Personal tools
You are here: Home Team Non-working demos EmoSpeak

See below for system requirements and explanations.



System requirements

Sun Java 1.5 browser plugin

Explanations

EmoSpeak is an interface for testing and demonstrating emotional speech synthesis, created in the NECA project by Marc Schröder. In contrast to traditional emotional speech synthesis systems, the emotional state expressed through the voice is represented not in terms of discrete categories (joy, anger, sadness, ...), but by means of the continuous emotion dimensions activation, evaluation and power. The activation-evaluation space is represented as a two-dimensional circle as in the Feeltrace tool.

The centre of the circle corresponds to a neutral state. Emotional intensity increases with the distance from the centre, i.e. states at the periphery are the most intense states.

The green dot marks the emotional state to be expressed. It can be moved with the mouse. According to a set of emotional prosody rules, the acoustic parameters guiding the speech synthesis are updated, and the resulting MaryXML document is displayed in the bottom of the applet window.

When the user pushes the Play button, the MaryXML document is sent to the Mary server at DFKI, and the resulting audio is played on the user's machine.

One important difference between this system and other diphone-based systems expressing emotions is that we can model diphone voice quality (in terms of vocal effort).

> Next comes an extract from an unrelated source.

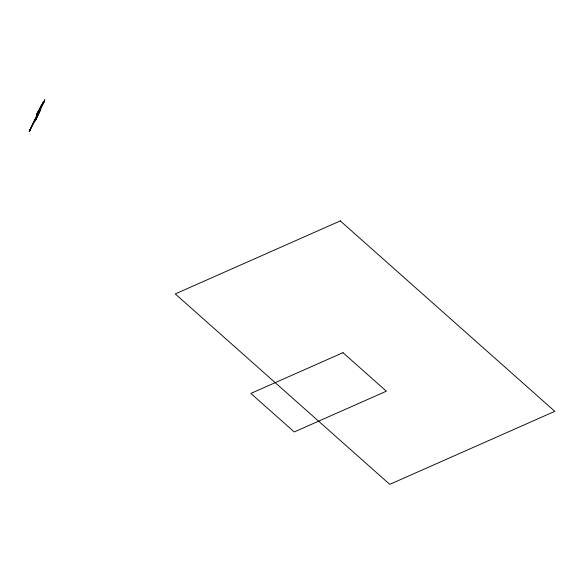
<?xml version="1.0" encoding="UTF-8"?>
<svg xmlns="http://www.w3.org/2000/svg" width="584" height="584" viewBox="0 0 584 584"><rect width="100%" height="100%" fill="white"/><g stroke="black" fill="none" stroke-linecap="round" stroke-linejoin="round"><path stroke-width="0.88" d="M40.172 110.208L39.362 112.493L42.778 103.974M29.397 130.86L30.266 129.152L29.2 131.59L41.464 105.602M41.464 104.974L37.931 112.252L40.749 107.018M29.974 129.451L29.594 130.378M43.325 102.82L44.238 101.2L42.654 104.974L42.084 105.616L42.873 102.528L40.734 107.084M39.362 112.449L35.967 119.457L39.413 111.756M36.193 118.567L35.033 120.968L35.996 119.34M37.559 113.471L36.478 117.778L39.42 111.719M29.434 130.685L29.755 129.736M43.296 102.828L44.837 99.645L43.822 102.594M42.515 104.135L42.201 105.66M29.674 130.904L36.515 117.654M29.667 130.32L35.865 117.888M37.486 112.851L36.734 114.785L37.953 112.186M37.077 113.763L37.493 112.748M42.909 103.266L43.88 101.477L43.508 102.463M29.477 131.283L29.813 129.969M29.521 131.218L30.149 129.385L29.952 129.699M38.142 111.405L36.777 114.647M35.441 120.377L35.04 120.91M340.297 220.905L175.258 293.927L389.762 484.355L554.8 411.34L340.297 220.905M342.969 352.678L250.85 393.434L294.241 431.956L386.36 391.2L342.969 352.678"/></g></svg>
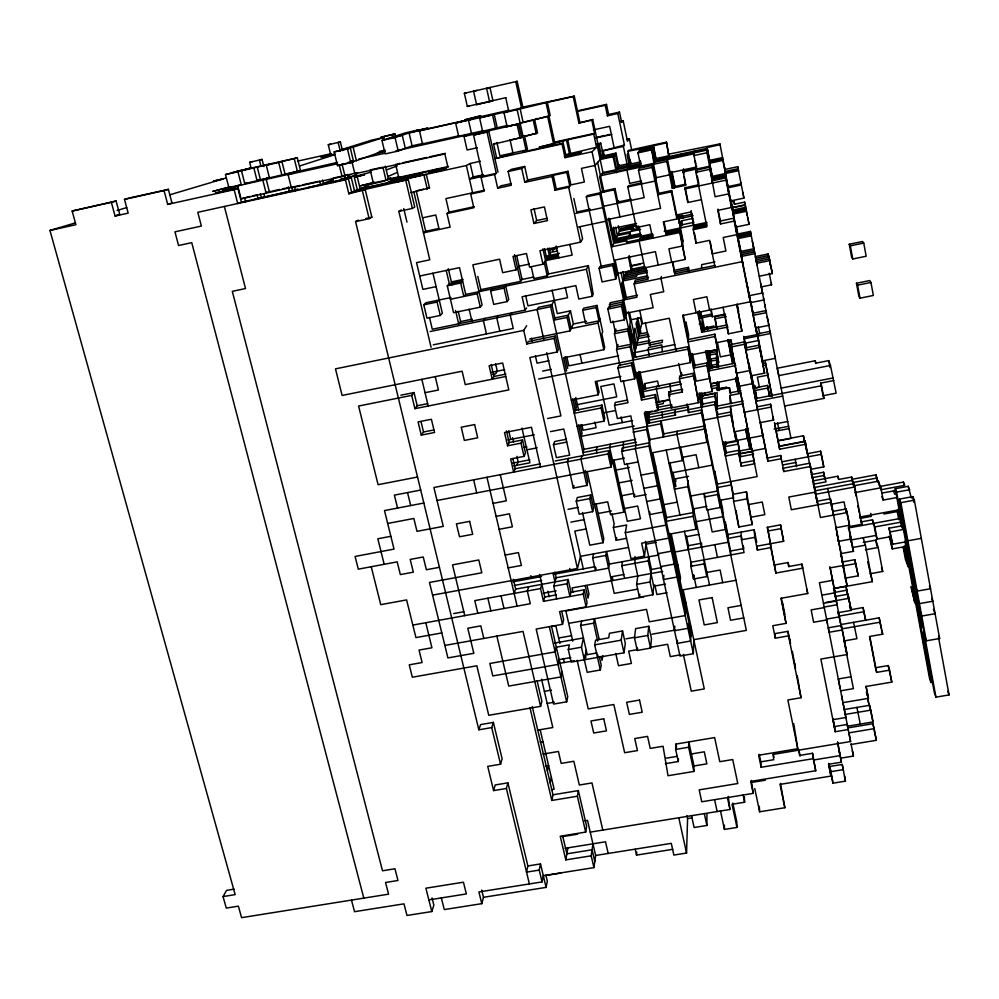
<?xml version="1.0" encoding="UTF-8"?>
<svg xmlns="http://www.w3.org/2000/svg" width="999" height="999" viewBox="0 0 999 999"><rect width="100%" height="100%" fill="white"/><g stroke="black" fill="none" stroke-linecap="round" stroke-linejoin="round"><path stroke-width="1.5" d="M709.577 375.886L709.565 378.509L696.216 381.143L682.679 315.509L750.162 301.81L749.275 295.692L762.549 292.994L760.664 283.479M735.776 365.547L709.602 370.741L709.627 365.746L710.202 368.531M691.545 815.696L694.118 827.509L706.892 825.449L706.955 813.973M741.008 532.142L741.47 539.785L744.068 552.522L690.971 562.225L690.821 566.283L693.506 578.995L706.817 576.573L706.855 572.439L720.104 570.029L722.727 582.654M656.231 542.307L645.978 544.205L644.442 556.143L630.993 558.628L625.312 532.692L665.896 525.137L666.595 517.544L652.759 452.684L706.805 442.282L706.842 439.123M706.867 436.001L698.9 394.155L712.237 391.533L706.93 362.912L693.668 365.547L693.531 368.107L706.892 365.447L706.93 362.912M728.521 191.358L728.795 193.843L715.084 196.741L709.64 167.245L696.141 170.142L695.903 172.303L706.88 226.823L693.269 229.67L696.016 243.182L709.602 240.347L715.022 267.257L714.984 265.447L674.737 273.763L672.302 261.963M709.702 162.25L709.69 163.224L722.814 160.402L722.727 159.453L709.702 162.25L707.092 149.201L655.207 160.414L652.534 147.39L639.61 150.2L639.073 151.074L652.097 148.252L652.534 147.39M709.715 160.352L722.552 157.592L722.639 158.516L709.715 161.289L707.155 147.49L720.004 144.718L719.942 143.906L669.392 154.021M706.817 576.573L704.145 563.848L704.208 559.802M730.656 481.568L733.428 497.789L720.142 500.287L720.279 507.517L706.817 510.039L704.17 493.518L704.77 496.378M706.805 442.282L704.133 426.049L663.811 433.853L663.448 436.975L660.664 423.813L661.051 420.791L663.811 433.853M704.195 423.014L704.245 420.042L730.856 414.872L730.419 406.306L733.316 424.8M704.732 392.595L704.695 395.154L717.132 392.719L717.394 408.841L743.468 403.758M701.548 547.127L701.61 543.231L688.461 545.654L688.299 549.562M693.88 771.44L694.005 765.971L688.798 741.932L688.636 747.24L693.88 771.44L668.019 775.724L663.061 746.253L650.237 748.413L647.564 736.388L634.752 738.561L637.437 750.574L624.662 752.722L613.823 704.507L588.224 708.915L577.11 660.252M627.172 400.124L615.284 402.472L614.535 405.357L617.382 418.544L630.856 415.909L635.913 445.392L635.327 448.651L679.982 656.043L693.356 653.696L693.768 639.672L746.328 630.394L701.435 412.924L701.51 410.002L688.124 412.612L688.473 406.855L649.1 414.548L648.488 411.713M701.585 407.117L701.935 393.344L702.509 396.116M644.442 556.143L641.633 543.181L668.681 538.174L669.005 534.253L695.966 529.258L696.203 521.665L722.851 516.708L722.677 509.39L720.654 499.562M441.333 897.914L444.28 909.577L481.805 903.658L478.908 891.945L542.07 881.917L543.306 875.686L593.943 867.619L595.654 855.469L671.278 843.356L673.875 855.069L686.55 853.046L687.587 818.568L686.975 815.746M693.506 578.995L693.643 574.85L696.303 587.424M728.021 326.985L701.748 332.28L702.222 317.282L699.45 317.844M698.613 402.647L693.256 373.326L679.707 376.011L679.457 378.708L682.242 392.033L668.631 394.705L671.415 407.967L698.613 402.647L693.256 373.326M701.56 316.146L701.498 317.857L712.012 315.721L712 314.023L701.56 316.146L700.661 311.738M691.121 627.26L690.659 641.021L677.26 643.393L677.434 640.272M724.787 167.47L725.736 176.761L712.324 179.62L706.967 152.772L707.155 147.49M695.966 529.258L693.244 516.283L693.518 508.866L706.842 506.368M701.535 268.219L701.685 264.648L714.934 261.913M699.462 310.989L699.288 315.122L698.701 312.287M685.801 602.322L685.214 615.559L671.79 617.956M665.359 763.673L678.296 761.513L678.421 758.815M678.296 761.513L675.649 749.412L675.911 744.093L714.647 737.574L719.779 761.688L732.704 759.54L737.786 783.528L699.188 789.872L701.76 801.772L753.221 793.368L751.348 780.356M666.595 517.544L693.381 512.549L687.936 486.65L688.236 480.869M682.704 598.376L683.129 589.797L735.976 580.257M679.982 585.639L680.456 577.235L671.166 533.666M674.812 626.111L674.525 630.694L687.936 628.309L688.111 623.738L690.809 636.363M677.772 564.635L676.985 577.047L663.498 579.507L663.873 575.287M635.851 373.476L690.346 362.625L690.509 360.052L687.762 346.728L633.616 357.567L627.934 330.944L629.22 326.361L635.739 356.943M668.993 463.161L682.467 460.589L682.692 457.292L696.091 454.72L698.801 467.694M674.512 560.027L674.225 564.135L660.726 566.608M674.8 555.981L675.074 551.997L728.134 542.245L727.871 534.565L725.286 522.002L725.499 529.495L712.175 531.955L707.442 509.215M696.016 243.182L696.128 241.546M690.346 362.625L687.762 346.728M672.364 539.323L671.453 551.173L657.941 553.671M688.473 476.336L675.336 478.833L674.5 489.185L687.936 486.65M682.242 392.033L682.467 389.235L668.968 391.895L668.631 394.705M698.663 185.989L698.763 184.803L685.202 187.7L685.002 188.911L687.762 202.535L701.41 199.65M677.222 431.256L676.96 434.365L682.467 460.589M685.601 326.461L685.988 322.028L688.648 334.915L688.124 341.895L714.959 336.501L714.922 334.178L688.299 339.523L683.204 314.797M693.269 229.67L693.543 226.648L706.942 223.838M672.752 849.325L636.538 855.107L636.8 852.159M675.312 409.428L674.762 415.209L648.139 420.404M688.124 270.991L688.473 267.382L675.287 270.105M650.561 648.101L651.485 638.773L648.763 626.286L635.639 628.621L634.477 637.799L637.262 650.449L650.561 648.101L647.789 635.439L648.763 626.286M634.964 556.455L635.002 563.286L637.762 575.961L636.625 584.39L639.435 597.215L652.834 594.792L653.733 586.213L648.239 560.864L648.713 556.843M671.415 407.967L671.728 405.057M660.689 495.304L660.302 498.926L646.703 501.498M652.834 594.792L650.049 581.955L651.448 569.455L645.366 541.383M696.253 169.093L696.59 166.034M653.533 235.052L640.247 237.849L639.135 241.034L644.755 267.844L685.202 259.44L679.932 230.981L666.495 233.803L664.035 221.89M669.929 383.716L670.829 392.17M637.262 650.449L637.537 648.089M658.316 478.746L657.479 485.764L643.868 488.349M649.85 512.1L649.525 514.597L663.099 512.05L663.848 504.657L677.235 502.135M639.435 597.215L639.797 594.318M662.187 411.988L662.424 417.744M663.636 400.861L663.286 403.584L656.168 404.982M655.544 465.734L654.657 472.552L641.033 475.149M693.356 653.696L648.988 446.016L649.962 439.585L644.343 413.261L657.866 410.614L658.279 407.692L655.506 394.543L642.07 397.19L636.75 372.29M570.779 657.579L559.203 659.64L558.041 664.422L492.794 675.936L489.81 663.473L555.144 651.885L556.331 647.177L569.38 644.855L568.294 649.55L571.166 662.1L623.988 652.784L625.312 643.406L622.539 630.956L609.477 633.291L608.703 637.861L595.566 640.197L594.68 644.867L600.349 670.004L587.175 672.315L581.468 647.202L583.428 637.936L554.62 643.069M696.852 172.065L693.818 153.809L654.357 162.338L651.648 149.126L638.523 151.973L637.974 152.872L640.734 166.159L640.184 167.183M694.08 152.01L694.205 151.136M593.943 867.619L591.196 855.806L592.944 843.818M623.988 652.784L621.178 640.159L622.539 630.956M674.737 273.763L672.901 261.676M657.866 410.614L655.069 397.377L655.506 394.543M656.768 386.313L656.355 389.023L659.09 401.973M591.196 855.806L565.796 859.877L560.227 836.225L585.689 832.092L586.613 826.21L578.359 790.596L552.984 794.792L551.81 800.461L577.372 796.24L578.359 790.596M685.202 259.44L679.695 232.517L680.182 229.458L666.845 232.255M680.419 227.959L681.543 220.804L692.906 218.419M678.271 216.321L682.392 215.459L682.192 216.771L678.034 217.645M685.414 611.076L646.653 429.533L649.562 411.688L652.447 411.126M646.216 494.53L634.34 496.778L634.74 494.405M668.456 156.693L666.82 161.438L672.277 188.174L685.601 185.327L684.303 176.798M624.575 578.371L621.79 565.709L622.464 561.675M625.312 532.692L626.635 525.012L613.374 527.484L616.183 540.272L626.485 538.361M600.349 670.004L601.198 665.172L599.325 656.855M602.847 655.719L602.022 660.401L601.098 656.281M565.796 859.877L567.919 847.851M611.413 580.781L612.175 576.635L623.776 574.512M594.455 504.32L607.717 501.81L610.551 514.672L623.838 512.175L624.5 508.516L637.712 506.031L640.471 518.793L627.285 521.266L613.91 460.002M597.514 657.454L597.951 655.082M667.182 230.744L666.146 235.364L663.361 221.853L676.922 218.993L677.197 217.557L671.678 190.584L658.179 193.456L657.754 194.718L671.365 191.82L671.678 190.584M616.183 540.272L616.67 537.699M655.069 397.377L641.52 400.037L642.594 394.393L637.949 372.59M658.778 386.675L657.592 381.044L644.655 383.604L643.119 391.633L681.43 384.066M637.599 589.135L614.21 593.381L605.794 555.444L606.593 551.485L609.39 564.073L608.603 568.131L556.168 577.759L553.771 586.163L556.693 598.925M481.805 903.658L483.491 897.302L546.103 887.387L547.315 881.168L545.929 875.349M613.374 527.484L614.123 523.726L611.95 513.823M597.689 641.133L593.643 623.164L594.517 618.718L599.15 639.31M649.512 342.794L649.05 345.13L662.162 342.495L662.537 340.172L636.525 345.404L629.557 312.587M584.328 659.777L586.251 650.324M539.235 870.092L540.509 863.935L527.897 865.958L526.535 872.127L539.235 870.092L542.07 881.917M661.375 276.523L660.988 278.409L663.761 291.72L650.349 294.48L653.121 307.729L626.41 313.187L625.761 315.359M685.601 185.327L683.104 170.904L696.365 168.057M582.492 512.524L589.785 545.179L602.971 542.719L603.796 538.848L595.978 503.558M638.174 461.925L624.562 464.535L621.678 451.273L622.389 448.002L649.475 442.769M623.751 441.608L623.076 444.78L623.701 447.689M561.725 611.413L563.648 619.805L562.512 624.313L536.176 629.045L553.608 704.07L566.658 701.81L567.757 696.765L551.523 626.336L555.819 625.674L559.902 643.456M596.041 567.832L595.454 570.541L592.632 557.879L593.531 553.896M550.187 782.891L551.361 777.384M562.512 624.313L559.615 611.638L586.101 606.855L587.062 602.459L584.203 589.797L571.028 592.195L569.942 596.515L567.045 583.741L568.144 579.52L515.659 589.135L514.148 593.418M587.175 654.445L580.606 625.499L581.593 621.041M547.377 770.941L548.576 765.521L545.779 765.983M634.652 378.896L635.252 376.161L632.379 362.712L618.706 365.447L617.969 368.094L620.891 381.63L634.652 378.896L631.755 365.334L632.379 362.712M586.101 606.855L583.229 594.093L584.203 589.797M437.025 500.499L610.976 467.145L611.75 463.748L608.878 450.611L555.169 460.989M562.062 672.052L560.926 676.922L508.741 686.076L496.865 636.101M633.004 360.127L642.232 321.603M610.976 467.145L608.079 453.908L608.878 450.611M610.464 444.18L609.677 447.377L623.838 512.175M680.868 155.732L681.318 153.921M592.632 511.675L593.543 507.967L590.671 494.992L577.31 497.527L576.261 501.161L579.183 514.21L592.632 511.675L589.722 498.613L590.671 494.992M432.579 595.129L577.447 568.481L580.481 556.318L628.446 547.44M672.277 188.174L672.577 187L685.801 184.166M425.774 622.727L431.93 647.777L419.031 650.087L422.115 662.537L409.253 664.834L412.337 677.222L476.835 665.784L488.761 715.309L540.584 706.33L541.87 701.261L537.075 680.719M641.52 400.037L630.144 346.728L631.405 341.87L622.914 302.048L624.937 295.904M632.629 337.163L634.952 328.159L637.637 340.784M506.381 788.461L507.904 782.841L495.217 784.964L493.593 790.596L506.381 788.461L529.383 883.94M597.19 446.753L596.303 449.962L596.94 452.859M568.556 458.404L567.432 461.75L573.326 488.061L586.813 485.489L587.774 481.98L585.202 470.367M577.172 426.411L603.958 421.166L604.782 418.169L601.935 405.107L575.324 410.339L572.739 398.726M493.593 790.596L487.724 766.383L500.549 764.223L502.122 758.765L493.369 722.389L480.594 724.587L478.846 729.807L491.72 727.584L493.369 722.389M603.958 421.166L601.073 408.004L601.935 405.107M583.229 594.093L543.481 601.323L544.755 596.977L539.572 574.462M620.079 365.796L616.558 349.463L618.031 344.568M573.326 488.061L574.038 485.701M624.4 319.817L625.087 317.57L622.227 304.146L608.691 306.918L607.879 309.091L610.776 322.59L624.4 319.817L621.515 306.293L622.227 304.146M581.967 455.819L580.956 459.14L586.813 485.489M578.521 424.825L583.953 449.325L582.966 452.547L636.5 442.182M543.481 601.323L540.534 588.586L541.845 584.34M610.127 307.754L609.49 304.795L610.277 302.697L636.962 297.227L634.153 283.941L635.327 280.12L648.526 277.397M637.025 274.6L636.475 276.411L623.501 279.096M638.124 271.054L638.648 269.33M571.341 400.112L598.189 394.792L599.063 391.995L596.84 381.768M351.486 900.099L354.545 911.687L403.983 903.845L406.98 915.471L431.818 911.55L433.853 905.156L432.018 897.926M630.781 344.28L617.307 347.003L614.435 333.678L615.933 329.058M528.733 586.738L527.322 591.008L530.282 603.721L412.837 625.074M631.268 199.201L617.857 202.06L615.009 188.586L601.623 191.458L599.887 193.956L617.22 275.274L617.944 273.401L631.343 270.629L631.955 268.793L629.158 255.532M566.595 371.004L563.673 357.804L603.846 349.712L604.682 347.265L601.823 334.066L602.672 331.755L596.977 305.432L583.703 308.154L582.717 310.289L585.601 323.551L598.963 320.829L596.091 307.542L596.977 305.432M696.478 167.033L670.179 172.69L669.555 174.825L656.243 177.685L653.483 164.311L656.031 158.554L668.781 155.794L666.483 142.145L628.571 150.387L627.959 151.249L630.631 164.036L640.509 161.9M655.819 178.796L654.944 181.081L627.797 186.9L636.313 227.56L649.825 224.713L652.622 238.199M550.511 431.618L563.823 429.021L569.655 455.119L556.381 457.679L553.446 444.68L554.657 441.521L566.396 439.235M636.313 227.56L636.9 226.061M615.721 279.121L616.47 277.185L613.586 263.636L599.999 266.458L599.113 268.319L602.047 281.943L615.721 279.121L612.812 265.459L613.586 263.636M603.846 349.712L598.076 323.077L599.825 318.606M628.883 235.976L630.107 232.979L617.37 235.664L615.559 227.173M632.429 227.26L632.991 225.886L620.704 228.484L620.054 229.882L632.429 227.26L633.016 230.02M668.781 155.794L666.483 142.145M625.774 227.997L626.298 226.798L635.439 224.862M578.646 226.973L605.694 221.241L606.518 219.768L660.564 208.304L652.122 167.395L653.046 165.322L639.635 168.219L638.511 170.33L644.18 197.615L603.646 206.256L602.797 207.617L575.711 213.386M512.862 458.566L515.197 468.706L513.661 472.115L510.626 458.966L524.038 456.368L525.499 453.071L522.502 439.96L509.165 442.569L507.579 445.779L521.016 443.156L522.502 439.96M516.708 465.359L518.194 462.05L516.883 456.343M429.508 317.47L432.292 329.233L525.099 310.115L522.102 296.74L575.849 285.602L578.783 299.051L592.282 296.266L593.206 294.218L588.374 265.634L548.488 273.963L547.215 275.824L533.878 278.609L531.231 266.721M679.695 232.517L612.25 246.678L619.405 231.293L618.219 225.749M529.682 339.098L570.092 330.869L573.351 324.013L570.466 310.876L557.255 313.586L552.072 290.147M577.447 568.481L529.845 357.517L557.142 351.998L558.366 349.488L555.369 336.001L528.246 341.521L526.785 343.968L554.12 338.411L555.369 336.001M570.092 330.869L567.132 317.432L570.466 310.876M610.951 230.182L611.725 228.684L636.563 223.439M640.883 163.511L616.583 168.756L614.422 171.84L653.933 163.312L651.648 149.126M709.715 161.289L707.13 148.339L655.631 159.478L653.396 145.717L666.158 142.944M592.282 296.266L586.438 269.293L588.374 265.634M627.797 186.9L628.446 185.714L641.895 182.817M543.781 339.335L537.112 309.515L538.473 307.355L551.885 304.595L554.845 317.957L553.608 320.192L567.132 317.432M617.132 203.384L618.581 200.762M224.363 206.468L245.504 288.536L232.305 291.346L382.505 870.778L394.955 868.768L397.964 880.494L385.539 882.492L388.574 894.167L241.583 917.656L238.386 906.155L226.273 908.091L223.052 896.578L226.561 890.359L234.091 889.147M583.616 455.432L550.624 306.73L554.345 300.412M619.992 216.92L614.26 189.798L615.009 188.586M629.757 164.373L630.244 163.599M447.29 285.814L460.676 283.017L462.624 281.069L449.35 283.853L447.29 285.814L453.571 312.699L480.294 307.155L482.092 305.032L472.852 264.835L499.6 259.203L502.647 272.677L516.058 269.867L513.011 256.368L526.461 253.534L529.482 267.058L542.944 264.236L539.947 250.699L580.556 242.145L582.592 238.898L580.007 226.96M526.785 343.968L523.713 330.382L526.66 325.711M491.208 364.623L493.943 376.486L492.22 379.195L489.123 365.746L502.659 363.012L508.816 389.897L414.897 408.666L411.7 395.379L414.036 392.557L417.207 405.744L414.897 408.666M525.099 310.115L526.548 307.967M628.096 153.346L627.11 154.77L628.97 163.661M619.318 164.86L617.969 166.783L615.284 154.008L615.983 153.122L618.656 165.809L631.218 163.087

The voices de6 and de7 (which you can download from the MBROLA homepage) have been recorded with three levels of vocal effort (soft, modal, loud) especially for the NECA project. Listen to the effect by comparing de6 and de7 to the other voices de1-de5 in which voice quality cannot be modelled!

Note: If you want to further modify the MaryXML document or save the audio as a file, simply copy the MaryXML document from the applet and feed it into the Inside TTS interface.